A simple example is when Process 1 has obtained an exclusive lock on Resource A, and Process 2 has obtained an exclusive lock on Resource B. If Process 1 then tries to lock Resource B, it will have to wait for Process 2 to release it. But if Process 2 then tries to lock Resource A, both processes will wait forever for each other.

The OpenVMS DLM periodically checks for deadlock situations. In the example above, the second lock enqueue request of one of the processes would return with a deadlock status. It would then be up to this process to take action to resolve the deadlock—in this case by releasing the first lock it obtained.

==Linux clustering==

Both Red Hat and Oracle have developed clustering software for Linux.

OCFS2, the Oracle Cluster File System was added to the official Linux kernel with version 2.6.16, in January 2006. The alpha-quality code warning on OCFS2 was removed in 2.6.19.

Red Hat's cluster software, including their DLM and GFS2 was officially added to the Linux kernel with version 2.6.19, in November 2006.

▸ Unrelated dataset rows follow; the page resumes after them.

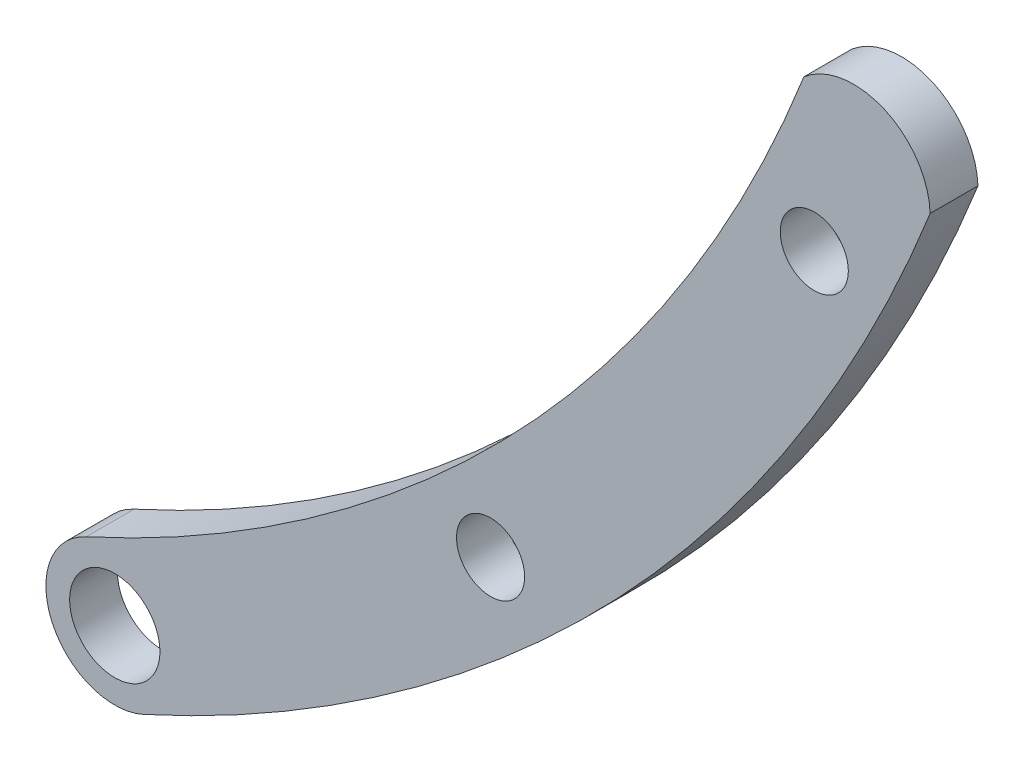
ISO-10303-21;
HEADER;
FILE_DESCRIPTION(('STEP AP214'),'2;1');
FILE_NAME('part.step','',(''),(''),'','','');
FILE_SCHEMA(('AUTOMOTIVE_DESIGN { 1 0 10303 214 1 1 1 1 }'));
ENDSEC;
DATA;
#1=APPLICATION_CONTEXT('core data for automotive mechanical design processes');
#2=APPLICATION_PROTOCOL_DEFINITION('international standard','automotive_design',2000,#1);
#3=PRODUCT_CONTEXT('',#1,'mechanical');
#4=PRODUCT('Part','Part','',(#3));
#5=PRODUCT_RELATED_PRODUCT_CATEGORY('part','',(#4));
#6=PRODUCT_DEFINITION_FORMATION('','',#4);
#7=PRODUCT_DEFINITION_CONTEXT('part definition',#1,'design');
#8=PRODUCT_DEFINITION('design','',#6,#7);
#9=PRODUCT_DEFINITION_SHAPE('','',#8);
#10=(LENGTH_UNIT() NAMED_UNIT(*) SI_UNIT(.MILLI.,.METRE.));
#11=(NAMED_UNIT(*) PLANE_ANGLE_UNIT() SI_UNIT($,.RADIAN.));
#12=(NAMED_UNIT(*) SI_UNIT($,.STERADIAN.) SOLID_ANGLE_UNIT());
#13=UNCERTAINTY_MEASURE_WITH_UNIT(LENGTH_MEASURE(1.E-05),#10,'distance_accuracy_value','');
#14=(GEOMETRIC_REPRESENTATION_CONTEXT(3) GLOBAL_UNCERTAINTY_ASSIGNED_CONTEXT((#13)) GLOBAL_UNIT_ASSIGNED_CONTEXT((#10,
#11,#12)) REPRESENTATION_CONTEXT('',''));
#15=CARTESIAN_POINT('',(0.,0.,0.));
#16=DIRECTION('',(0.,0.,1.));
#17=DIRECTION('',(1.,0.,0.));
#18=AXIS2_PLACEMENT_3D('',#15,#16,#17);
#19=CARTESIAN_POINT('',(-23.9673933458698,3.05846681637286,1.58750000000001));
#20=DIRECTION('',(0.,0.,-0.999999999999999));
#21=DIRECTION('',(-0.999999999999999,0.,0.));
#22=AXIS2_PLACEMENT_3D('',#19,#20,#21);
#23=PLANE('',#22);
#24=CARTESIAN_POINT('',(-1.4943540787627,-10.7338263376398,1.58750000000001));
#25=DIRECTION('',(0.,0.,0.999999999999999));
#26=DIRECTION('',(0.999999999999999,0.,0.));
#27=AXIS2_PLACEMENT_3D('',#24,#25,#26);
#28=CIRCLE('',#27,1.1303);
#29=CARTESIAN_POINT('',(-0.364054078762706,-10.7338263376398,1.58750000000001));
#30=VERTEX_POINT('',#29);
#31=EDGE_CURVE('E107',#30,#30,#28,.T.);
#32=ORIENTED_EDGE('',*,*,#31,.F.);
#33=EDGE_LOOP('',(#32));
#34=FACE_BOUND('',#33,.T.);
#35=CARTESIAN_POINT('',(9.25172308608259,3.43327413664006,1.5875));
#36=DIRECTION('',(0.,0.,0.999999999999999));
#37=DIRECTION('',(0.999999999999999,0.,0.));
#38=AXIS2_PLACEMENT_3D('',#35,#36,#37);
#39=CIRCLE('',#38,1.1303);
#40=CARTESIAN_POINT('',(10.3820230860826,3.43327413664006,1.5875));
#41=VERTEX_POINT('',#40);
#42=EDGE_CURVE('E98',#41,#41,#39,.T.);
#43=ORIENTED_EDGE('',*,*,#42,.F.);
#44=EDGE_LOOP('',(#43));
#45=FACE_BOUND('',#44,.T.);
#46=CARTESIAN_POINT('',(-33.9647866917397,25.0548821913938,1.5875));
#47=DIRECTION('',(0.,0.,0.999999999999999));
#48=DIRECTION('',(-0.999999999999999,0.,0.));
#49=AXIS2_PLACEMENT_3D('',#46,#47,#48);
#50=CIRCLE('',#49,50.6095);
#51=CARTESIAN_POINT('',(-13.0241230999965,-21.0190811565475,1.5875));
#52=VERTEX_POINT('',#51);
#53=CARTESIAN_POINT('',(13.0991355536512,6.44551054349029,1.58750000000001));
#54=VERTEX_POINT('',#53);
#55=EDGE_CURVE('E84',#52,#54,#50,.T.);
#56=ORIENTED_EDGE('',*,*,#55,.T.);
#57=CARTESIAN_POINT('',(10.5609319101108,6.34999999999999,1.58749999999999));
#58=DIRECTION('',(0.,0.,0.999999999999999));
#59=DIRECTION('',(0.999999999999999,0.,0.));
#60=AXIS2_PLACEMENT_3D('',#57,#58,#59);
#61=CIRCLE('',#60,2.54);
#62=CARTESIAN_POINT('',(8.90679250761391,8.27754321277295,1.5875));
#63=VERTEX_POINT('',#62);
#64=EDGE_CURVE('E49',#54,#63,#61,.T.);
#65=ORIENTED_EDGE('',*,*,#64,.T.);
#66=CARTESIAN_POINT('',(-33.9647866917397,25.0548821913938,1.5875));
#67=DIRECTION('',(0.,0.,-0.999999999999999));
#68=DIRECTION('',(-0.999999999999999,0.,0.));
#69=AXIS2_PLACEMENT_3D('',#66,#67,#68);
#70=CIRCLE('',#69,46.0375);
#71=CARTESIAN_POINT('',(-14.9158769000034,-16.8568159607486,1.5875));
#72=VERTEX_POINT('',#71);
#73=EDGE_CURVE('E91',#63,#72,#70,.T.);
#74=ORIENTED_EDGE('',*,*,#73,.T.);
#75=CARTESIAN_POINT('',(-13.97,-18.937948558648,1.5875));
#76=DIRECTION('',(0.,0.,0.999999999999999));
#77=DIRECTION('',(0.999999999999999,0.,0.));
#78=AXIS2_PLACEMENT_3D('',#75,#76,#77);
#79=CIRCLE('',#78,2.286);
#80=EDGE_CURVE('E58',#72,#52,#79,.T.);
#81=ORIENTED_EDGE('',*,*,#80,.T.);
#82=EDGE_LOOP('',(#56,#65,#74,#81));
#83=FACE_BOUND('',#82,.T.);
#84=CARTESIAN_POINT('',(-13.97,-18.937948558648,1.5875));
#85=DIRECTION('',(0.,0.,0.999999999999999));
#86=DIRECTION('',(0.999999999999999,0.,0.));
#87=AXIS2_PLACEMENT_3D('',#84,#85,#86);
#88=CIRCLE('',#87,1.4986);
#89=CARTESIAN_POINT('',(-15.4686,-18.937948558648,1.5875));
#90=VERTEX_POINT('',#89);
#91=EDGE_CURVE('E116',#90,#90,#88,.T.);
#92=ORIENTED_EDGE('',*,*,#91,.F.);
#93=EDGE_LOOP('',(#92));
#94=FACE_BOUND('',#93,.T.);
#95=ADVANCED_FACE('F32',(#34,#45,#83,#94),#23,.F.);
#96=CARTESIAN_POINT('',(-23.9673933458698,3.05846681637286,0.));
#97=DIRECTION('',(0.,0.,-0.999999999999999));
#98=DIRECTION('',(-0.999999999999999,0.,0.));
#99=AXIS2_PLACEMENT_3D('',#96,#97,#98);
#100=PLANE('',#99);
#101=CARTESIAN_POINT('',(-1.49435407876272,-10.7338263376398,0.));
#102=DIRECTION('',(0.,0.,-0.999999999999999));
#103=DIRECTION('',(-0.999999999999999,0.,0.));
#104=AXIS2_PLACEMENT_3D('',#101,#102,#103);
#105=CIRCLE('',#104,1.1303);
#106=CARTESIAN_POINT('',(-0.364054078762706,-10.7338263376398,0.));
#107=VERTEX_POINT('',#106);
#108=EDGE_CURVE('E36',#107,#107,#105,.T.);
#109=ORIENTED_EDGE('',*,*,#108,.F.);
#110=EDGE_LOOP('',(#109));
#111=FACE_BOUND('',#110,.T.);
#112=CARTESIAN_POINT('',(9.25172308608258,3.43327413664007,0.));
#113=DIRECTION('',(0.,0.,-0.999999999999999));
#114=DIRECTION('',(-0.999999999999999,0.,0.));
#115=AXIS2_PLACEMENT_3D('',#112,#113,#114);
#116=CIRCLE('',#115,1.1303);
#117=CARTESIAN_POINT('',(10.3820230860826,3.43327413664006,0.));
#118=VERTEX_POINT('',#117);
#119=EDGE_CURVE('E95',#118,#118,#116,.T.);
#120=ORIENTED_EDGE('',*,*,#119,.F.);
#121=EDGE_LOOP('',(#120));
#122=FACE_BOUND('',#121,.T.);
#123=CARTESIAN_POINT('',(10.5609319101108,6.34999999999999,0.));
#124=DIRECTION('',(0.,0.,-0.999999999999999));
#125=DIRECTION('',(-0.999999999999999,0.,0.));
#126=AXIS2_PLACEMENT_3D('',#123,#124,#125);
#127=CIRCLE('',#126,2.54);
#128=CARTESIAN_POINT('',(13.0991355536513,6.44551054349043,0.));
#129=VERTEX_POINT('',#128);
#130=CARTESIAN_POINT('',(8.90679250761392,8.27754321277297,0.));
#131=VERTEX_POINT('',#130);
#132=EDGE_CURVE('E90',#129,#131,#127,.F.);
#133=ORIENTED_EDGE('',*,*,#132,.F.);
#134=CARTESIAN_POINT('',(-33.9647866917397,25.0548821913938,0.));
#135=DIRECTION('',(0.,0.,0.999999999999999));
#136=DIRECTION('',(-0.999999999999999,0.,0.));
#137=AXIS2_PLACEMENT_3D('',#134,#135,#136);
#138=CIRCLE('',#137,50.6095);
#139=CARTESIAN_POINT('',(-13.0241230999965,-21.0190811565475,0.));
#140=VERTEX_POINT('',#139);
#141=EDGE_CURVE('E78',#140,#129,#138,.T.);
#142=ORIENTED_EDGE('',*,*,#141,.F.);
#143=CARTESIAN_POINT('',(-13.97,-18.937948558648,0.));
#144=DIRECTION('',(0.,0.,0.999999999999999));
#145=DIRECTION('',(0.999999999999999,0.,0.));
#146=AXIS2_PLACEMENT_3D('',#143,#144,#145);
#147=CIRCLE('',#146,2.286);
#148=CARTESIAN_POINT('',(-14.9158769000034,-16.8568159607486,0.));
#149=VERTEX_POINT('',#148);
#150=EDGE_CURVE('E70',#149,#140,#147,.T.);
#151=ORIENTED_EDGE('',*,*,#150,.F.);
#152=CARTESIAN_POINT('',(-33.9647866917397,25.0548821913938,0.));
#153=DIRECTION('',(0.,0.,-0.999999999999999));
#154=DIRECTION('',(-0.999999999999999,0.,0.));
#155=AXIS2_PLACEMENT_3D('',#152,#153,#154);
#156=CIRCLE('',#155,46.0375);
#157=EDGE_CURVE('E79',#131,#149,#156,.T.);
#158=ORIENTED_EDGE('',*,*,#157,.F.);
#159=EDGE_LOOP('',(#133,#142,#151,#158));
#160=FACE_BOUND('',#159,.T.);
#161=CARTESIAN_POINT('',(-13.97,-18.937948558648,0.));
#162=DIRECTION('',(0.,0.,0.999999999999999));
#163=DIRECTION('',(0.999999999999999,0.,0.));
#164=AXIS2_PLACEMENT_3D('',#161,#162,#163);
#165=CIRCLE('',#164,1.4986);
#166=CARTESIAN_POINT('',(-15.4686,-18.937948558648,0.));
#167=VERTEX_POINT('',#166);
#168=EDGE_CURVE('E115',#167,#167,#165,.T.);
#169=ORIENTED_EDGE('',*,*,#168,.T.);
#170=EDGE_LOOP('',(#169));
#171=FACE_BOUND('',#170,.T.);
#172=ADVANCED_FACE('F87',(#111,#122,#160,#171),#100,.T.);
#173=CARTESIAN_POINT('',(-33.9647866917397,25.0548821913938,1.5875));
#174=DIRECTION('',(0.,0.,-0.999999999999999));
#175=DIRECTION('',(-0.999999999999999,0.,0.));
#176=AXIS2_PLACEMENT_3D('',#173,#174,#175);
#177=CYLINDRICAL_SURFACE('',#176,46.0375);
#178=ORIENTED_EDGE('',*,*,#73,.F.);
#179=DIRECTION('',(0.,0.,-0.999999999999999));
#180=VECTOR('',#179,1.);
#181=CARTESIAN_POINT('',(8.90679250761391,8.27754321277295,1.5875));
#182=LINE('',#181,#180);
#183=EDGE_CURVE('E111',#63,#131,#182,.T.);
#184=ORIENTED_EDGE('',*,*,#183,.T.);
#185=ORIENTED_EDGE('',*,*,#157,.T.);
#186=DIRECTION('',(0.,0.,-0.999999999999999));
#187=VECTOR('',#186,1.);
#188=CARTESIAN_POINT('',(-14.9158769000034,-16.8568159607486,1.5875));
#189=LINE('',#188,#187);
#190=EDGE_CURVE('E11',#72,#149,#189,.T.);
#191=ORIENTED_EDGE('',*,*,#190,.F.);
#192=EDGE_LOOP('',(#178,#184,#185,#191));
#193=FACE_BOUND('',#192,.T.);
#194=ADVANCED_FACE('F34',(#193),#177,.F.);
#195=CARTESIAN_POINT('',(-13.97,-18.937948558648,1.5875));
#196=DIRECTION('',(0.,0.,-0.999999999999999));
#197=DIRECTION('',(-0.999999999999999,0.,0.));
#198=AXIS2_PLACEMENT_3D('',#195,#196,#197);
#199=CYLINDRICAL_SURFACE('',#198,2.286);
#200=ORIENTED_EDGE('',*,*,#150,.T.);
#201=DIRECTION('',(0.,0.,-0.999999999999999));
#202=VECTOR('',#201,1.);
#203=CARTESIAN_POINT('',(-13.0241230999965,-21.0190811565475,1.5875));
#204=LINE('',#203,#202);
#205=EDGE_CURVE('E41',#52,#140,#204,.T.);
#206=ORIENTED_EDGE('',*,*,#205,.F.);
#207=ORIENTED_EDGE('',*,*,#80,.F.);
#208=ORIENTED_EDGE('',*,*,#190,.T.);
#209=EDGE_LOOP('',(#200,#206,#207,#208));
#210=FACE_BOUND('',#209,.T.);
#211=ADVANCED_FACE('F72',(#210),#199,.T.);
#212=CARTESIAN_POINT('',(-33.9647866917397,25.0548821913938,1.5875));
#213=DIRECTION('',(0.,0.,-0.999999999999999));
#214=DIRECTION('',(-0.999999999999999,0.,0.));
#215=AXIS2_PLACEMENT_3D('',#212,#213,#214);
#216=CYLINDRICAL_SURFACE('',#215,50.6095);
#217=ORIENTED_EDGE('',*,*,#141,.T.);
#218=DIRECTION('',(0.,0.,-0.999999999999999));
#219=VECTOR('',#218,1.);
#220=CARTESIAN_POINT('',(13.0991355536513,6.44551054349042,1.58750000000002));
#221=LINE('',#220,#219);
#222=EDGE_CURVE('E97',#54,#129,#221,.T.);
#223=ORIENTED_EDGE('',*,*,#222,.F.);
#224=ORIENTED_EDGE('',*,*,#55,.F.);
#225=ORIENTED_EDGE('',*,*,#205,.T.);
#226=EDGE_LOOP('',(#217,#223,#224,#225));
#227=FACE_BOUND('',#226,.T.);
#228=ADVANCED_FACE('F83',(#227),#216,.T.);
#229=CARTESIAN_POINT('',(-13.97,-18.937948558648,1.5875));
#230=DIRECTION('',(0.,0.,-0.999999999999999));
#231=DIRECTION('',(-0.999999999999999,0.,0.));
#232=AXIS2_PLACEMENT_3D('',#229,#230,#231);
#233=CYLINDRICAL_SURFACE('',#232,1.4986);
#234=CARTESIAN_POINT('',(-15.4686,-18.937948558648,1.5875));
#235=CARTESIAN_POINT('',(-15.4686,-18.937948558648,1.57096354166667));
#236=CARTESIAN_POINT('',(-15.4686,-18.937948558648,1.55442708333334));
#237=CARTESIAN_POINT('',(-15.4686,-18.937948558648,1.52135416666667));
#238=CARTESIAN_POINT('',(-15.4686,-18.937948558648,1.50481770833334));
#239=CARTESIAN_POINT('',(-15.4686,-18.937948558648,1.47174479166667));
#240=CARTESIAN_POINT('',(-15.4686,-18.937948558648,1.45520833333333));
#241=CARTESIAN_POINT('',(-15.4686,-18.937948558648,1.42213541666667));
#242=CARTESIAN_POINT('',(-15.4686,-18.937948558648,1.40559895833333));
#243=CARTESIAN_POINT('',(-15.4686,-18.937948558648,1.37252604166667));
#244=CARTESIAN_POINT('',(-15.4686,-18.937948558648,1.35598958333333));
#245=CARTESIAN_POINT('',(-15.4686,-18.937948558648,1.32291666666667));
#246=CARTESIAN_POINT('',(-15.4686,-18.937948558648,1.30638020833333));
#247=CARTESIAN_POINT('',(-15.4686,-18.937948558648,1.27330729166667));
#248=CARTESIAN_POINT('',(-15.4686,-18.937948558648,1.25677083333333));
#249=CARTESIAN_POINT('',(-15.4686,-18.937948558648,1.22369791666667));
#250=CARTESIAN_POINT('',(-15.4686,-18.937948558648,1.20716145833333));
#251=CARTESIAN_POINT('',(-15.4686,-18.937948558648,1.17408854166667));
#252=CARTESIAN_POINT('',(-15.4686,-18.937948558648,1.15755208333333));
#253=CARTESIAN_POINT('',(-15.4686,-18.937948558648,1.12447916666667));
#254=CARTESIAN_POINT('',(-15.4686,-18.937948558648,1.10794270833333));
#255=CARTESIAN_POINT('',(-15.4686,-18.937948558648,1.07486979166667));
#256=CARTESIAN_POINT('',(-15.4686,-18.937948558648,1.05833333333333));
#257=CARTESIAN_POINT('',(-15.4686,-18.937948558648,1.02526041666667));
#258=CARTESIAN_POINT('',(-15.4686,-18.937948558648,1.00872395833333));
#259=CARTESIAN_POINT('',(-15.4686,-18.937948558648,0.975651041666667));
#260=CARTESIAN_POINT('',(-15.4686,-18.937948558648,0.959114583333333));
#261=CARTESIAN_POINT('',(-15.4686,-18.937948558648,0.926041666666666));
#262=CARTESIAN_POINT('',(-15.4686,-18.937948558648,0.909505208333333));
#263=CARTESIAN_POINT('',(-15.4686,-18.937948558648,0.876432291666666));
#264=CARTESIAN_POINT('',(-15.4686,-18.937948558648,0.859895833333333));
#265=CARTESIAN_POINT('',(-15.4686,-18.937948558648,0.826822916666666));
#266=CARTESIAN_POINT('',(-15.4686,-18.937948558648,0.810286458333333));
#267=CARTESIAN_POINT('',(-15.4686,-18.937948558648,0.777213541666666));
#268=CARTESIAN_POINT('',(-15.4686,-18.937948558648,0.760677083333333));
#269=CARTESIAN_POINT('',(-15.4686,-18.937948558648,0.727604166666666));
#270=CARTESIAN_POINT('',(-15.4686,-18.937948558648,0.711067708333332));
#271=CARTESIAN_POINT('',(-15.4686,-18.937948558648,0.677994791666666));
#272=CARTESIAN_POINT('',(-15.4686,-18.937948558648,0.661458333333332));
#273=CARTESIAN_POINT('',(-15.4686,-18.937948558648,0.628385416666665));
#274=CARTESIAN_POINT('',(-15.4686,-18.937948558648,0.611848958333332));
#275=CARTESIAN_POINT('',(-15.4686,-18.937948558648,0.578776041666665));
#276=CARTESIAN_POINT('',(-15.4686,-18.937948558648,0.562239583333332));
#277=CARTESIAN_POINT('',(-15.4686,-18.937948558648,0.529166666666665));
#278=CARTESIAN_POINT('',(-15.4686,-18.937948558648,0.512630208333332));
#279=CARTESIAN_POINT('',(-15.4686,-18.937948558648,0.479557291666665));
#280=CARTESIAN_POINT('',(-15.4686,-18.937948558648,0.463020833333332));
#281=CARTESIAN_POINT('',(-15.4686,-18.937948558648,0.429947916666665));
#282=CARTESIAN_POINT('',(-15.4686,-18.937948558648,0.413411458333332));
#283=CARTESIAN_POINT('',(-15.4686,-18.937948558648,0.380338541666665));
#284=CARTESIAN_POINT('',(-15.4686,-18.937948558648,0.363802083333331));
#285=CARTESIAN_POINT('',(-15.4686,-18.937948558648,0.330729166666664));
#286=CARTESIAN_POINT('',(-15.4686,-18.937948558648,0.314192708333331));
#287=CARTESIAN_POINT('',(-15.4686,-18.937948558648,0.281119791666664));
#288=CARTESIAN_POINT('',(-15.4686,-18.937948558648,0.264583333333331));
#289=CARTESIAN_POINT('',(-15.4686,-18.937948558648,0.231510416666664));
#290=CARTESIAN_POINT('',(-15.4686,-18.937948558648,0.214973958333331));
#291=CARTESIAN_POINT('',(-15.4686,-18.937948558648,0.181901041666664));
#292=CARTESIAN_POINT('',(-15.4686,-18.937948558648,0.16536458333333));
#293=CARTESIAN_POINT('',(-15.4686,-18.937948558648,0.132291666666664));
#294=CARTESIAN_POINT('',(-15.4686,-18.937948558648,0.11575520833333));
#295=CARTESIAN_POINT('',(-15.4686,-18.937948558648,0.0826822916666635));
#296=CARTESIAN_POINT('',(-15.4686,-18.937948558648,0.0661458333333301));
#297=CARTESIAN_POINT('',(-15.4686,-18.937948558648,0.0330729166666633));
#298=CARTESIAN_POINT('',(-15.4686,-18.937948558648,0.0165364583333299));
#299=CARTESIAN_POINT('',(-15.4686,-18.937948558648,0.));
#300=B_SPLINE_CURVE_WITH_KNOTS('',3,(#234,#235,#236,#237,#238,#239,#240,#241,#242,#243,#244,
#245,#246,#247,#248,#249,#250,#251,#252,#253,#254,#255,#256,#257,#258,#259,#260,#261,#262,#263,
#264,#265,#266,#267,#268,#269,#270,#271,#272,#273,#274,#275,#276,#277,#278,#279,#280,#281,#282,
#283,#284,#285,#286,#287,#288,#289,#290,#291,#292,#293,#294,#295,#296,#297,#298,#299),
.UNSPECIFIED.,.F.,.F.,(4,2,2,2,2,2,2,2,2,2,2,2,2,2,2,2,2,2,2,2,2,2,2,2,2,2,2,2,2,2,2,2,4),(0.,
0.0496093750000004,0.0992187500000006,0.148828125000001,0.198437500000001,0.248046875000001,
0.297656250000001,0.347265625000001,0.396875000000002,0.446484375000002,0.496093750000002,
0.545703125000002,0.595312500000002,0.644921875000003,0.694531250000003,0.744140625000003,
0.793750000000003,0.843359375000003,0.892968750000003,0.942578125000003,0.992187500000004,
1.041796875,1.09140625,1.141015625,1.190625,1.240234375,1.28984375,1.33945312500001,
1.38906250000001,1.43867187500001,1.48828125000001,1.53789062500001,1.58750000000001),.UNSPECIFIED.);
#301=EDGE_CURVE('BSEAM135',#90,#167,#300,.T.);
#302=ORIENTED_EDGE('',*,*,#91,.T.);
#303=ORIENTED_EDGE('',*,*,#168,.F.);
#304=ORIENTED_EDGE('',*,*,#301,.T.);
#305=ORIENTED_EDGE('',*,*,#301,.F.);
#306=EDGE_LOOP('',(#302,#304,#303,#305));
#307=FACE_BOUND('',#306,.T.);
#308=ADVANCED_FACE('F135',(#307),#233,.F.);
#309=CARTESIAN_POINT('',(10.5609319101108,6.34999999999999,1.58749999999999));
#310=DIRECTION('',(0.,0.,-0.999999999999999));
#311=DIRECTION('',(-0.999999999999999,0.,0.));
#312=AXIS2_PLACEMENT_3D('',#309,#310,#311);
#313=CYLINDRICAL_SURFACE('',#312,2.54);
#314=ORIENTED_EDGE('',*,*,#222,.T.);
#315=ORIENTED_EDGE('',*,*,#132,.T.);
#316=ORIENTED_EDGE('',*,*,#183,.F.);
#317=ORIENTED_EDGE('',*,*,#64,.F.);
#318=EDGE_LOOP('',(#314,#315,#316,#317));
#319=FACE_BOUND('',#318,.T.);
#320=ADVANCED_FACE('F128',(#319),#313,.T.);
#321=CARTESIAN_POINT('',(9.25172308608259,3.43327413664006,1.5875));
#322=DIRECTION('',(0.,0.,0.999999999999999));
#323=DIRECTION('',(0.999999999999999,0.,0.));
#324=AXIS2_PLACEMENT_3D('',#321,#322,#323);
#325=CYLINDRICAL_SURFACE('',#324,1.1303);
#326=CARTESIAN_POINT('',(10.3820230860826,3.43327413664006,0.));
#327=CARTESIAN_POINT('',(10.3820230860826,3.43327413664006,0.0165364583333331));
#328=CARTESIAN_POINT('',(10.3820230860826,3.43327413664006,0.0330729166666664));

Both systems use a DLM modeled on the venerable VMS DLM. Oracle's DLM has a simpler API. (the core function, dlmlock(), has eight parameters, whereas the VMS SYS$ENQ service and Red Hat's dlm_lock both have 11.)

==Other implementations==

Other DLM implementations include the following:

- Google has developed Chubby, a lock service for loosely coupled distributed systems. It is designed for coarse-grained locking and also provides a limited but reliable distributed file system. Key parts of Google's infrastructure, including Google File System, Bigtable, and MapReduce, use Chubby to synchronize accesses to shared resources. Though Chubby was designed as a lock service, it is now heavily used inside Google as a name server, supplanting DNS.
- Apache ZooKeeper, which was created at Yahoo, is open-source software and can be used to perform distributed locks as well.
- Etcd is open-source software, developed at CoreOS under the Apache License. It can be used to perform distributed locks as well.
- Redis is an open source, Redis Source Available License licensed, advanced key-value cache and store. Redis can be used to implement the Redlock Algorithm for distributed lock management.
- HashiCorp's Consul, which was created by HashiCorp, is open-source software and can be used to perform distributed locks as well.
- Taooka distributed lock manager uses the "try lock" methods to avoid deadlocks. It can also specify a TTL for each lock with nanosecond precision.
- A DLM is also a key component of more ambitious single system image (SSI) projects such as OpenSSI.